What concerns the author is that the British, knowing a U-boat was prowling in the area where the Lusitania was sailing, failed to divert the ship to another, safer route, or failed to provide a destroyer escort for the passenger liner, as they could have easily done: "Nothing, absolutely nothing was done to ensure the liner's safe arrival," Beesly notes. On the basis of the evidence available to him by the early 1980s, Beesly was "reluctantly driven to the conclusion that there was a conspiracy deliberately to put the Lusitania at risk in the hopes that even an abortive attack on her would bring the United States into the war. Such a conspiracy could not have been put into effect without Winston Churchill's [at the time Churchill was First Lord of the Admiralty -- ed.] express permission and approval." Beesly's research thus supports the conclusions reached by Colin Simpson in his earlier revisionist work on the topic, The Lusitania.

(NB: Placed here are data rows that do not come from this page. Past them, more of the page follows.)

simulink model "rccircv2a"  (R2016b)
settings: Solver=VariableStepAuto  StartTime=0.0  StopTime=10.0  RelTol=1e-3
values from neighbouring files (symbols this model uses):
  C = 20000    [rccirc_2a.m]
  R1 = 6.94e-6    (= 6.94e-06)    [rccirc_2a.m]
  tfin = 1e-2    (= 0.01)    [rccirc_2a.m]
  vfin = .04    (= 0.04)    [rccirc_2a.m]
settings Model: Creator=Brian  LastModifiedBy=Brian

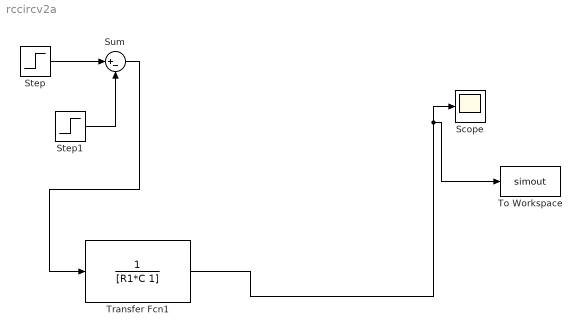
== system rccircv2a ==
  Scope : Scope
  Step : Step  Time=0  After=vfin  SampleTime=0
  Step1 : Step  Time=tfin  After=vfin  SampleTime=0
  Sum : Sum  Inputs=|+-
  To Workspace : ToWorkspace  VariableName=simout  SaveFormat=Timeseries  SampleTime=-1
  Transfer Fcn1 : TransferFcn  Denominator=[R1*C 1]
  wires:
  Sum/1 -> Transfer Fcn1/1
  Step1/1 -> Sum/2
  Step/1 -> Sum/1
  Transfer Fcn1/1 -> To Workspace/1, Scope/1
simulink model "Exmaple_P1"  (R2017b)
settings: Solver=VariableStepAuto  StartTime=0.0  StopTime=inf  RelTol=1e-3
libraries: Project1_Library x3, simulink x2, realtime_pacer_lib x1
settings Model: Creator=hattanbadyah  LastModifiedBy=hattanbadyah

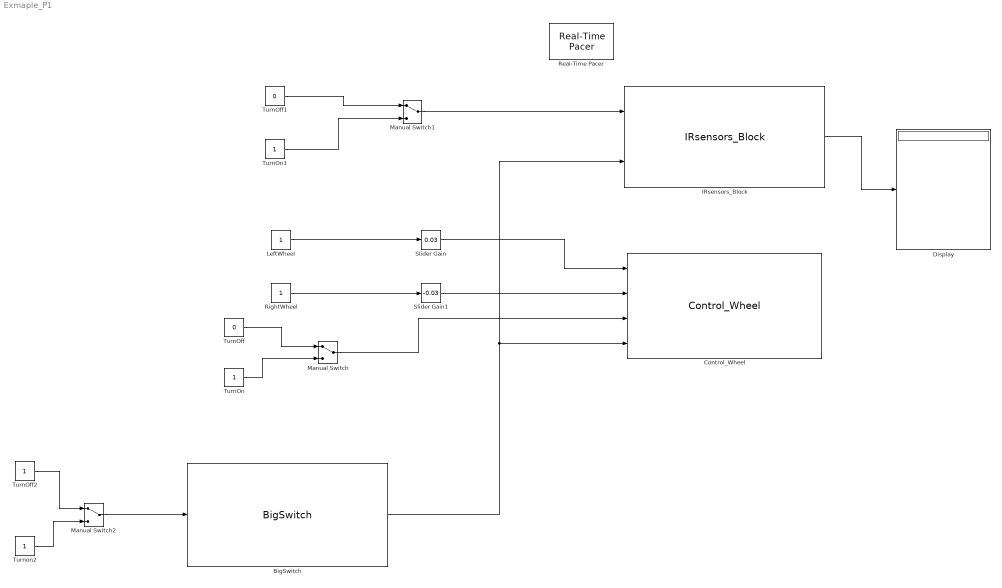
== system Exmaple_P1 ==
  BigSwitch : Project1_Library/BigSwitch
  Control_Wheel : Project1_Library/Control_Wheel
  Display : Display
  IRsensors_Block : Project1_Library/IRsensors_Block
  LeftWheel : Constant
  Manual Switch : ManualSwitch
  Manual Switch1 : ManualSwitch
  Manual Switch2 : ManualSwitch
  Real-Time Pacer : realtime_pacer_lib/Real-Time Pacer  simTimePerRealTime=1
  RightWheel : Constant
  Slider Gain : simulink/Math Operations/Slider Gain  gain=0.03  low=-0.5  high=0.5
  Slider Gain1 : simulink/Math Operations/Slider Gain  gain=-0.03  low=-0.5  high=0.5
  TurnOff : Constant  Value=0
  TurnOff1 : Constant  Value=0
  TurnOff2 : Constant
  TurnOn : Constant
  TurnOn1 : Constant
  Turnon2 : Constant
  wires:
  BigSwitch/1 -> IRsensors_Block/2, Control_Wheel/4
  RightWheel/1 -> Slider Gain1/1
  LeftWheel/1 -> Slider Gain/1
  Slider Gain/1 -> Control_Wheel/1
  Slider Gain1/1 -> Control_Wheel/2
  TurnOff/1 -> Manual Switch/1
  TurnOn/1 -> Manual Switch/2
  Manual Switch/1 -> Control_Wheel/3
  Manual Switch1/1 -> IRsensors_Block/1
  TurnOff1/1 -> Manual Switch1/1
  TurnOn1/1 -> Manual Switch1/2
  IRsensors_Block/1 -> Display/1
  Manual Switch2/1 -> BigSwitch/1
  TurnOff2/1 -> Manual Switch2/1
  Turnon2/1 -> Manual Switch2/2

Room 40's decripts enabled the Royal Navy to intercept the German blockade runner, Libau (disguised as the Norwegian vessel Aud), on April 20,1916, at Tralee Bay on the west coast of Ireland. Libau carried rifles, machine guns, ammunition, and explosives intended for the Sinn Feiners. Had the Irish received the weapons, the success of the Easter Rising would still have been in doubt, but the fighting could have been more serious than, in the event, it was.
The author explains the role that Room 40 had in the defeat of the U-boats. With the establishment of the convoy system, it was possible to alert ships to the presence of U-boats, and either reroute them or send destroyers out to ward off enemy submarines. As Beesly remarks, "neither in World War I nor in World War II did British intelligence win the U-boat war, but in both cases it certainly shortened it."
Room 40 is a well written narrative, containing information of interest to Revisionists. Still available in hardcover in bookstores, readers' may be able to find copies on sale tables, as this reviewer did recently.
From The Journal of Historical Review, Spring 1986 (Vol. 7, No. 1), pages 119.
About the Author
Arthur S. Ward holds a doctorate in history. He teaches courses on the history of modern Europe and the Middle East, and is a specialist in military history. Dr. Ward is the co-author of two books and has published numerous articles and reviews.